Linguistic background, in contrast, did not give rise to significant differential effects with respect to the experimental intervention. This implies that students respond similarly well to the experimental treatment, independently of their linguistic background. This, in turn, suggests that the scenario- and source-based approach meets the needs of linguistically heterogeneous classrooms, which are the norm in VET contexts. Nevertheless, follow-up studies with larger cohorts are needed to confirm these results, and to explore more closely distributions and potential interactions between complex linguistic background configurations and other learner-related variables within the two academic streams in VET contexts.
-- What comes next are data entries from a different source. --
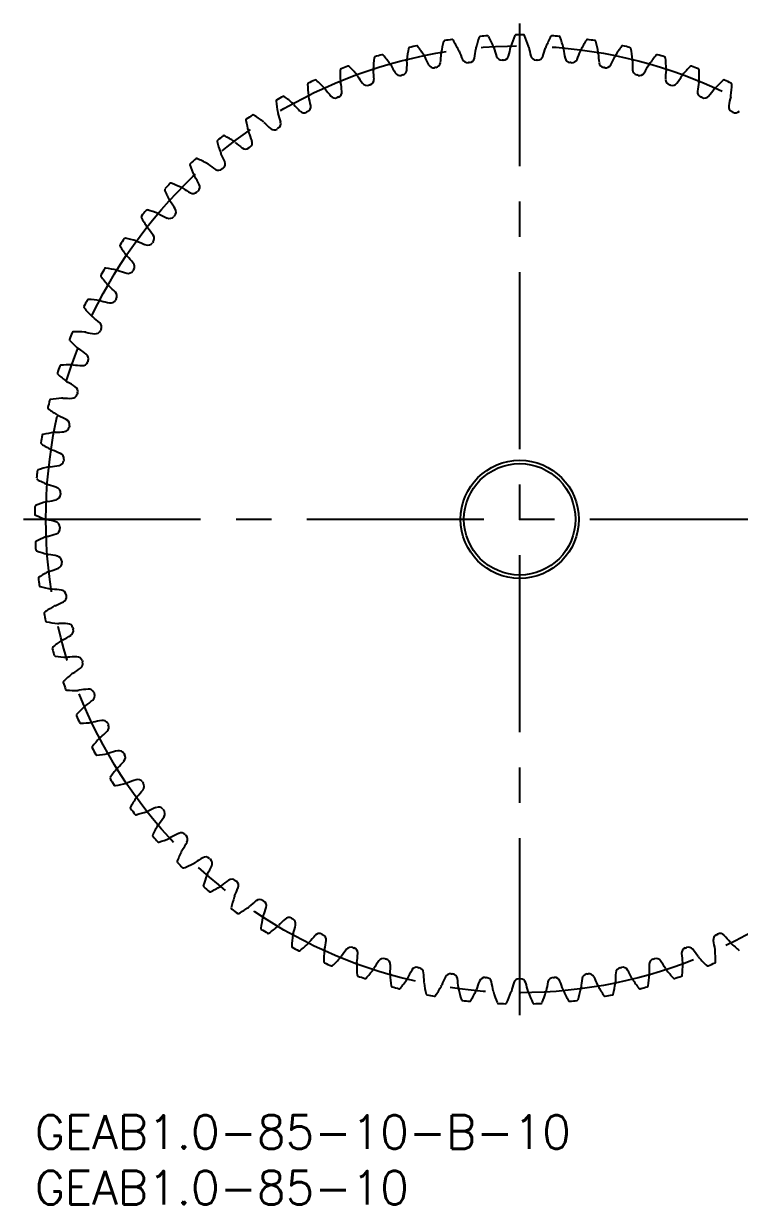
# Model space of a CAD drawing. Extents: x -1 to 128, y -8 to 98.
# Drawn here: x -1 to 63.2, y -8 to 98 of the extents above; entities that cross this region are included whole.
import ezdxf

# ---------------------------------------------------------------- set-up
doc = ezdxf.new("R2010")
doc.units = 0
doc.header["$LTSCALE"] = 0.5
doc.linetypes.add('CENTER', pattern=[50.8, 31.75, -6.35, 6.35, -6.35])
for name, color, linetype in [('MSM_CENTER', 1, 'CENTER'), ('MSM_CONTINUOUS', 7, 'CONTINUOUS'), ('MSM_PART_NUMBER', 7, 'CONTINUOUS')]:
    doc.layers.add(name, color=color, linetype=linetype)
doc.styles.get("Standard").update_dxf_attribs({"font": 'txt.shx', "height": 2, "bigfont": 'bigfont.shx'})

# ---------------------------------------------------------------- blocks, each defined once
blk = doc.blocks.new('*U3')
at = {"layer": 'MSM_PART_NUMBER'}
blk.add_text('GEAB1.0-85-10-B-10', height=3, dxfattribs=at).set_placement((0, -3))
blk = doc.blocks.new('*U4')
at = {"layer": 'MSM_PART_NUMBER'}
blk.add_text('GEAB1.0-85-10', height=3, dxfattribs=at).set_placement((0, -8))

msp = doc.modelspace()

# ---------------------------------------------------------------- linework, layer by layer
at = {"layer": 'MSM_CENTER'}
for p, q in [((43.5, 9), (43.5, 98)), ((-1, 53.5), (88, 53.5))]:
    msp.add_line(p, q, dxfattribs=at)
msp.add_circle((43.5, 53.5), 42.5, dxfattribs=at)
at = {"layer": 'MSM_CONTINUOUS'}
for radius in [5.3, 5]:
    msp.add_circle((43.5, 53.5), radius, dxfattribs=at)
for centre, radius, start, end in [((36.78, 96.38), 0.1, 98.9072, 165.4344), ((43.5, 53.5), 43.5, 98.0339, 98.9072), ((37.43, 96.47), 0.1, 31.5068, 98.0339), ((25.44, 89.12), 14.17, 27.4118, 31.5068), ((53.28, 92.22), 14.17, 161.1991, 165.2941), ((39.97, 96.76), 0.1, 94.6724, 161.1991), ((43.5, 53.5), 43.5, 93.7987, 94.6719), ((40.62, 96.8), 0.1, 27.2715, 93.7987), ((28.12, 90.36), 14.17, 23.1765, 27.2715), ((56.11, 91.39), 14.17, 156.9638, 161.0588), ((43.17, 96.9), 0.1, 90.4366, 156.9638), ((43.5, 53.5), 43.5, 89.5634, 90.4366), ((43.83, 96.9), 0.1, 23.0362, 89.5634), ((30.89, 91.39), 14.17, 18.9412, 23.0362), ((58.88, 90.36), 14.17, 152.7285, 156.8235), ((46.38, 96.8), 0.1, 86.2013, 152.7285), ((43.5, 53.5), 43.5, 85.3281, 86.2013), ((47.03, 96.76), 0.1, 18.8009, 85.3281), ((33.72, 92.22), 14.17, 14.7059, 18.8009), ((61.56, 89.12), 14.17, 148.4932, 152.5882), ((49.57, 96.47), 0.1, 81.9661, 148.4932), ((43.5, 53.5), 43.5, 81.0928, 81.9661), ((50.22, 96.38), 0.1, 14.5656, 81.0928), ((47.47, 93.24), 14.17, 169.6697, 173.7647), ((33.63, 95.76), 0.1, 103.1425, 169.6697), ((43.5, 53.5), 43.5, 102.2692, 103.1425), ((34.28, 95.91), 0.1, 35.7421, 102.2692), ((22.86, 87.69), 14.17, 31.6471, 35.7421), ((37.28, 95.26), 0.83, 169.5294, 177.1969), ((50.39, 92.84), 14.17, 165.4344, 169.5294), ((37.28, 95.26), 0.83, 19.7443, 27.4118), ((50.37, 99.97), 13.08, 199.798, 203.3537), ((26.58, 97.32), 13.08, 349.3522, 352.9078), ((40.38, 95.61), 0.83, 165.2941, 172.9616), ((40.38, 95.61), 0.83, 15.509, 23.1765), ((53.78, 99.34), 13.08, 195.5627, 199.1184), ((29.86, 98.45), 13.08, 345.1169, 348.6725), ((43.5, 95.72), 0.83, 161.0588, 168.7263), ((43.5, 95.72), 0.83, 11.2737, 18.9412), ((57.14, 98.45), 13.08, 191.3275, 194.8831), ((33.22, 99.34), 13.08, 340.8816, 344.4373), ((46.62, 95.61), 0.83, 156.8235, 164.491), ((46.62, 95.61), 0.83, 7.0384, 14.7059), ((60.42, 97.32), 13.08, 187.0922, 190.6478), ((36.63, 99.97), 13.08, 336.6463, 340.202), ((49.72, 95.26), 0.83, 152.5882, 160.2557), ((36.61, 92.84), 14.17, 10.4706, 14.5656), ((49.72, 95.26), 0.83, 2.8031, 10.4706), ((64.14, 87.69), 14.17, 144.2579, 148.3529), ((52.72, 95.91), 0.1, 77.7308, 144.2579), ((43.5, 53.5), 43.5, 76.8575, 77.7308), ((53.37, 95.76), 0.1, 10.3303, 76.8575), ((39.53, 93.24), 14.17, 6.2353, 10.3303), ((44.52, 93.43), 14.17, 173.905, 178), ((30.54, 94.92), 0.1, 107.3778, 173.905), ((43.5, 53.5), 43.5, 106.5045, 107.3778), ((31.17, 95.11), 0.1, 39.9773, 106.5045), ((20.39, 86.07), 14.17, 35.8824, 39.9773), ((31.2, 93.89), 0.83, 28.2149, 35.8824), ((34.21, 94.69), 0.83, 173.7647, 181.4322), ((20.31, 94.35), 13.08, 357.8228, 1.3784), ((34.21, 94.69), 0.83, 23.9796, 31.6471), ((46.92, 100.35), 13.08, 204.0333, 207.589), ((35.89, 94.55), 0.5, 280.5042, 353.5875), ((23.39, 95.96), 13.08, 353.5875, 357.1431), ((38.82, 94.99), 0.5, 203.3537, 276.437), ((43.5, 53.5), 41.25, 96.2689, 96.437), ((38.94, 95), 0.5, 276.2689, 349.3522), ((41.9, 95.22), 0.5, 199.1184, 272.2017), ((43.5, 53.5), 41.25, 92.0336, 92.2017), ((42.02, 95.22), 0.5, 272.0336, 345.1169), ((44.98, 95.22), 0.5, 194.8831, 267.9664), ((43.5, 53.5), 41.25, 87.7983, 87.9664), ((45.1, 95.22), 0.5, 267.7983, 340.8816), ((48.06, 95), 0.5, 190.6478, 263.7311), ((43.5, 53.5), 41.25, 83.563, 83.7311), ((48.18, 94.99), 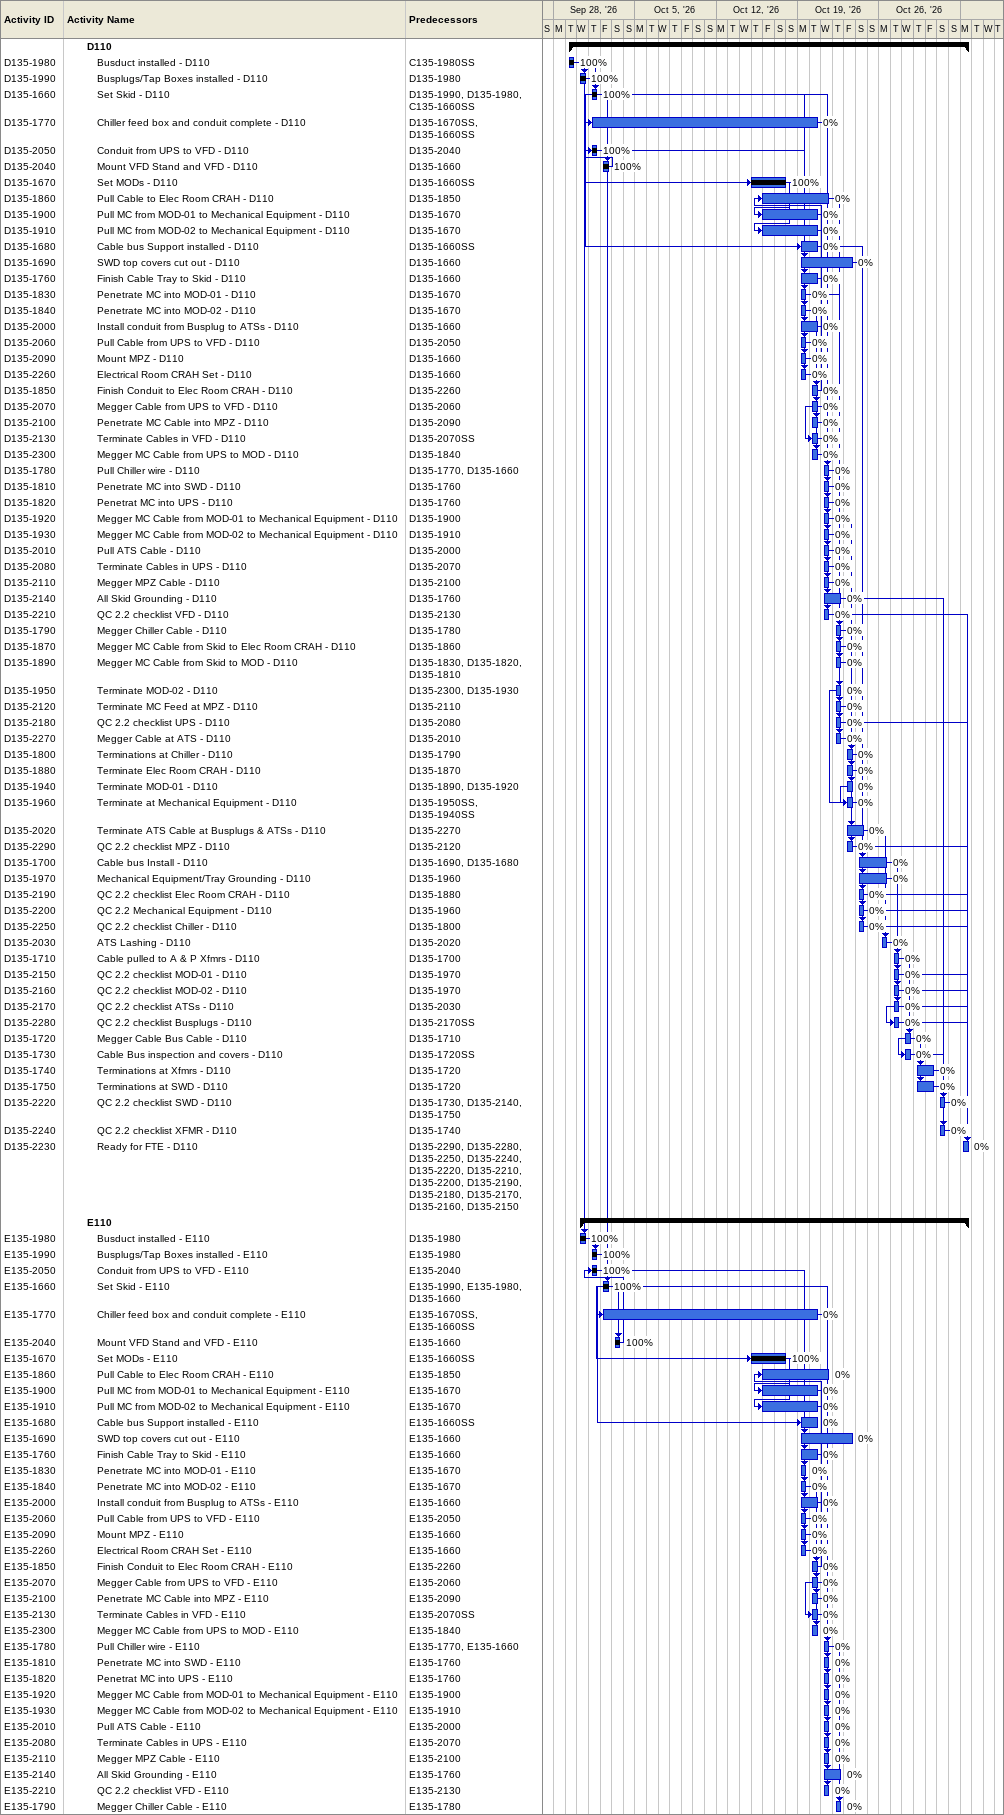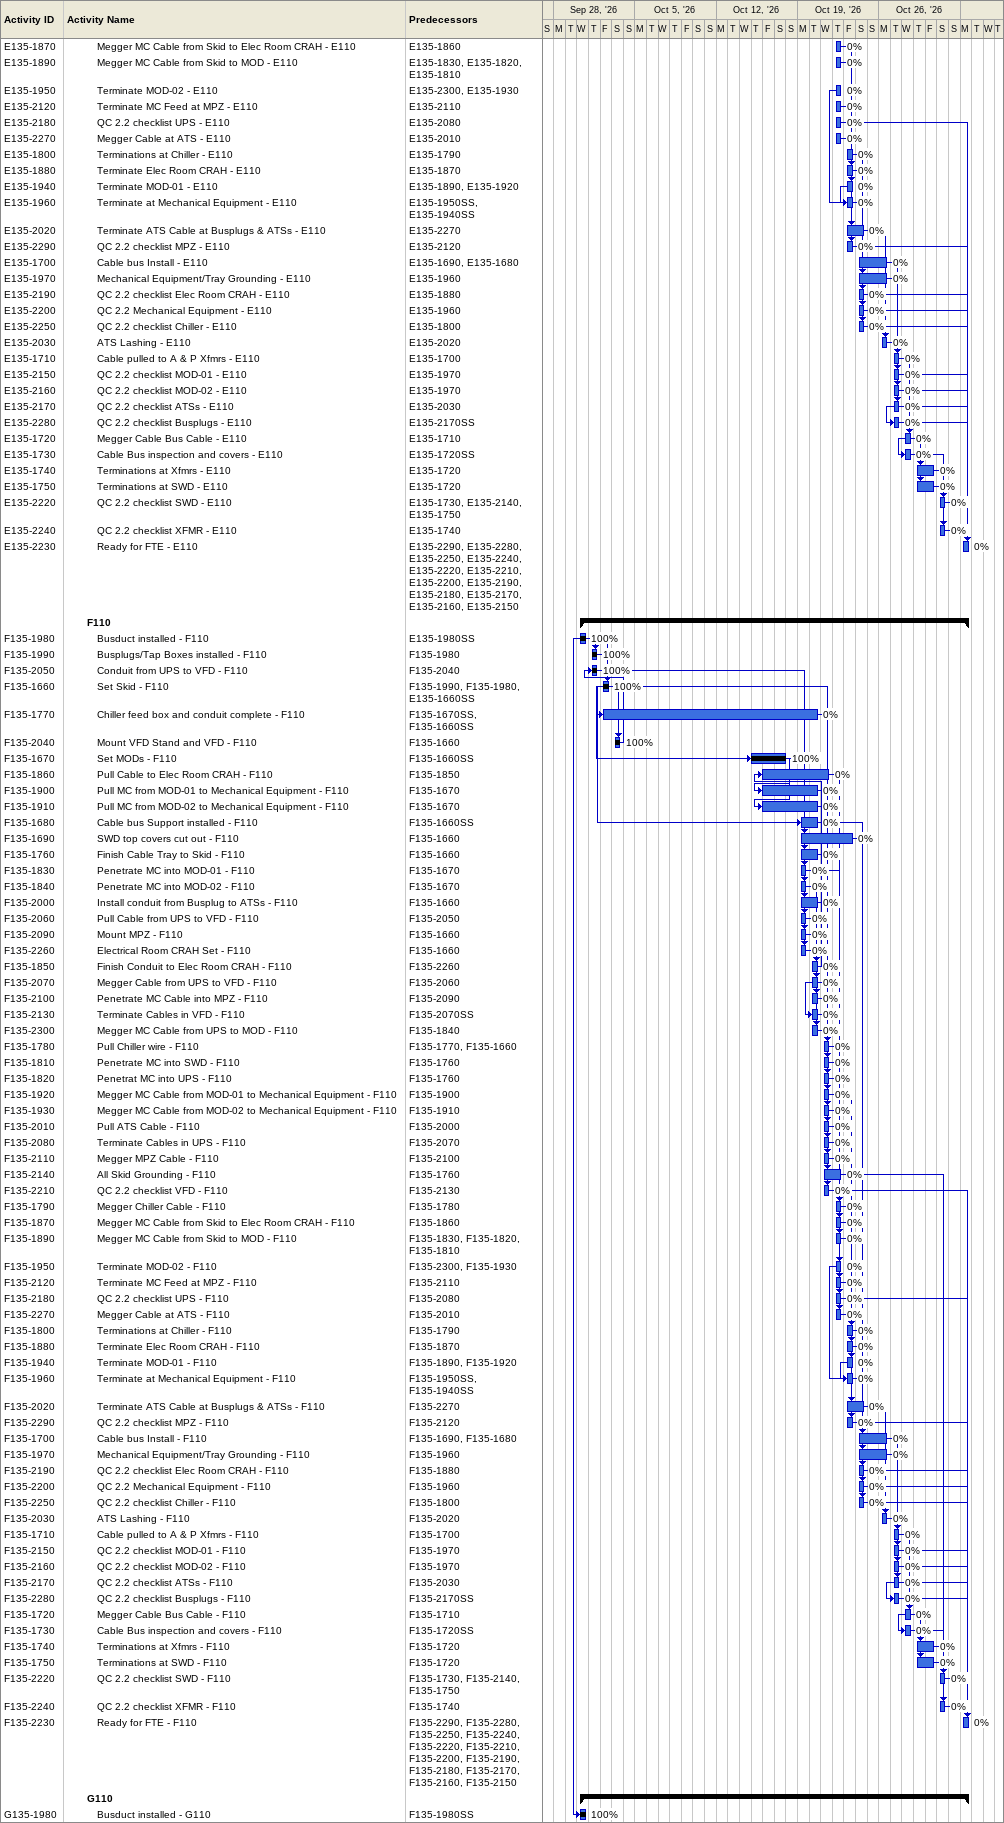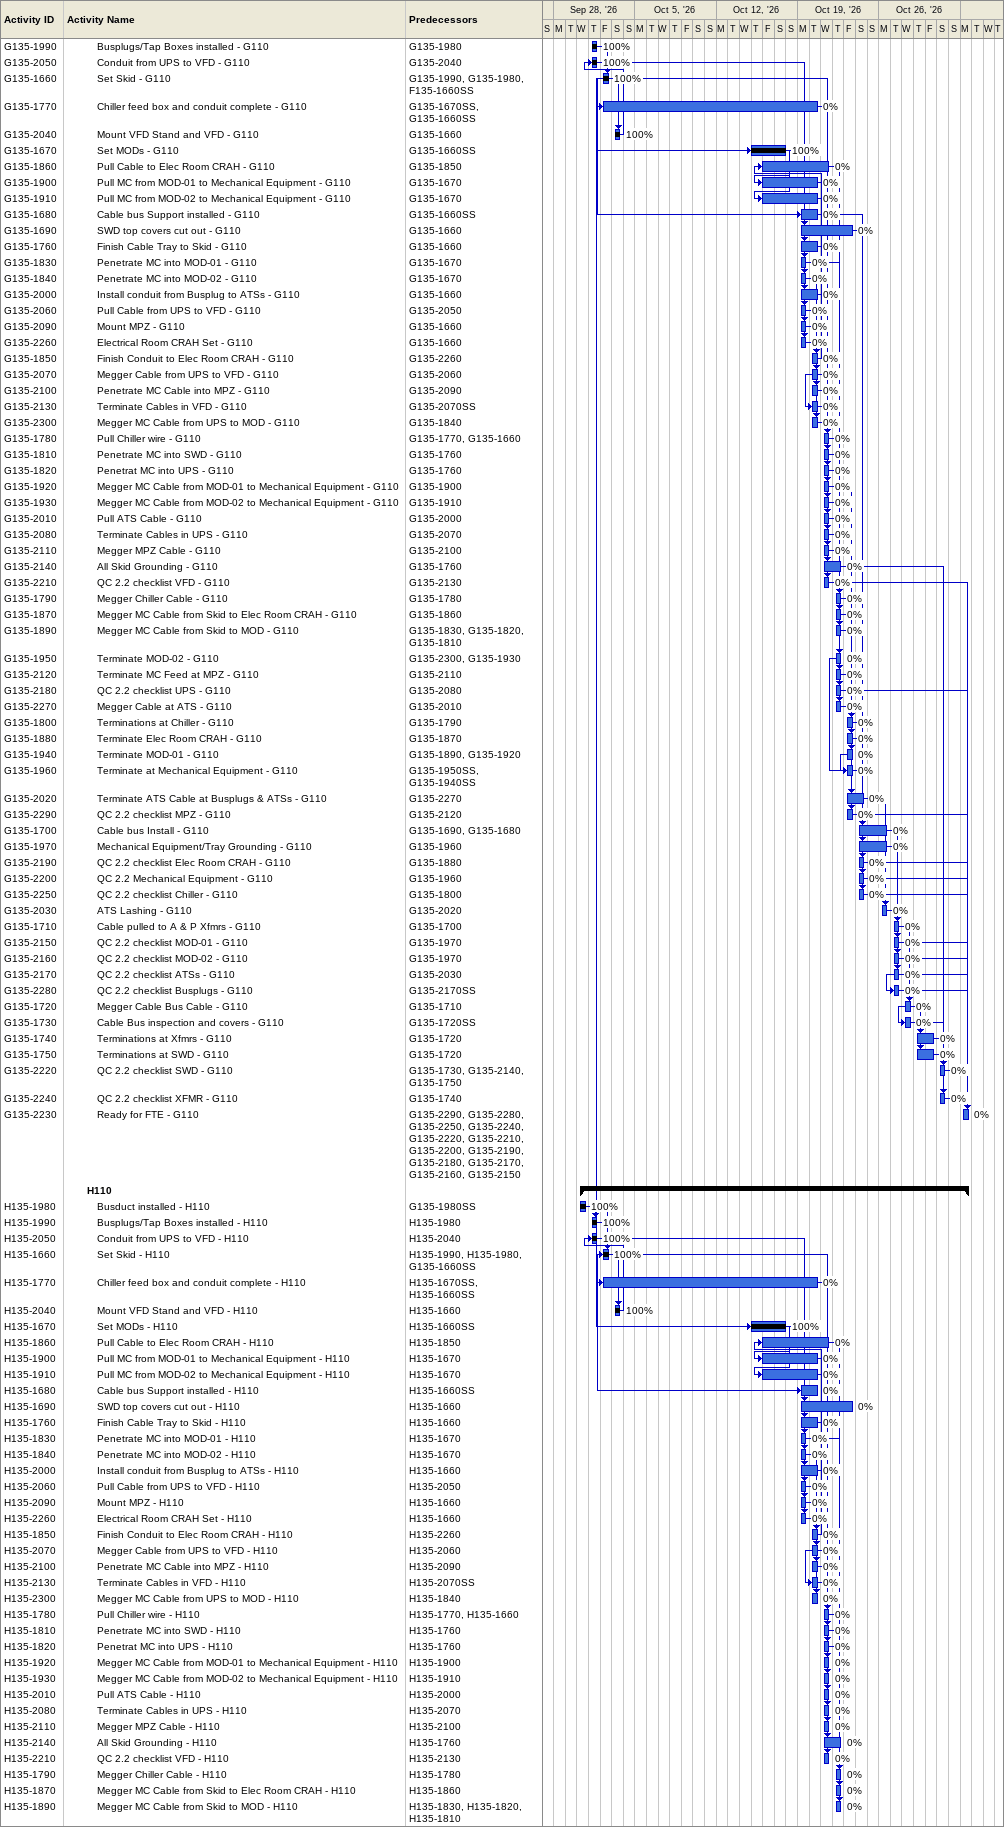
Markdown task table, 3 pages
| ID | Level | Task | Start | Finish | Predecessors | % complete |
|---|---|---|---|---|---|---|
|  | 3 | **D110** | 2026-09-29 | 2026-11-02 |  |  |
| D135-1980 | 4 | Busduct installed - D110 | 2026-09-29 | 2026-09-29 | C135-1980SS | 100 |
| D135-1990 | 4 | Busplugs/Tap Boxes installed - D110 | 2026-09-30 | 2026-09-30 | D135-1980 | 100 |
| D135-1660 | 4 | Set Skid - D110 | 2026-10-01 | 2026-10-01 | D135-1990, D135-1980, C135-1660SS | 100 |
| D135-1770 | 4 | Chiller feed box and conduit complete - D110 | 2026-10-01 | 2026-10-20 | D135-1670SS, D135-1660SS | 0 |
| D135-2050 | 4 | Conduit from UPS to VFD - D110 | 2026-10-01 | 2026-10-01 | D135-2040 | 100 |
| D135-2040 | 4 | Mount VFD Stand and VFD - D110 | 2026-10-02 | 2026-10-02 | D135-1660 | 100 |
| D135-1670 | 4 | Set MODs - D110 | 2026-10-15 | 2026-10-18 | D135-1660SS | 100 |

It is worth noting that a considerable number of students did not indicate their linguistic background (EG: 10.4%; CG: 20.5%), While this had no effect on the analyses and results presented here (largely within the dropout group), it does raise questions about possible stigma regarding languages students identify with as a potential cause for the reluctance to provide language information. For instance, L1s such as English or French have potentially higher social status than other L1s, such as Arabic or Albanian, which are often negatively portrayed socially (see Shohamy 1998). This area requires further studies.

Importantly, overall, all subgroups in our sample, including the L1 and 2L1 students in the (academically more challenging) EFZ programs, still achieved only modest text quality ratings, even though the first-year VET curriculum explicitly includes the competences tested and rated in this study as learning objectives. This raises the more general question of whether language and communication skills training must be reinforced in VET contexts, and if so, how this is likely to be achieved, given that literacy competence, in the broad sense is increasingly relevant to life-long learning, and to participation in society in general and in the labor market in particular (European Commission, 2018).

To conclude, we note a methodological limitation concerning the monitoring of students’ actual behavior during writing tasks. In our study, we did not collect quantitative behavioral data investigating whether, or to what extent students actually integrated reading and writing activities (e.g., input logging, cf. Vandermeulen et al., 2020). Although, in our approach, scenario-based tasks can be inherently considered as stimuli for reading-to-write because functional reading before and during writing is an essential part of the problem-solving activity arising from the scenario, future studies may fruitfully explore the effects of students’ actual behavioral patterns (i.e., their level of integrating reading and writing within tasks) on the quality of their writing output.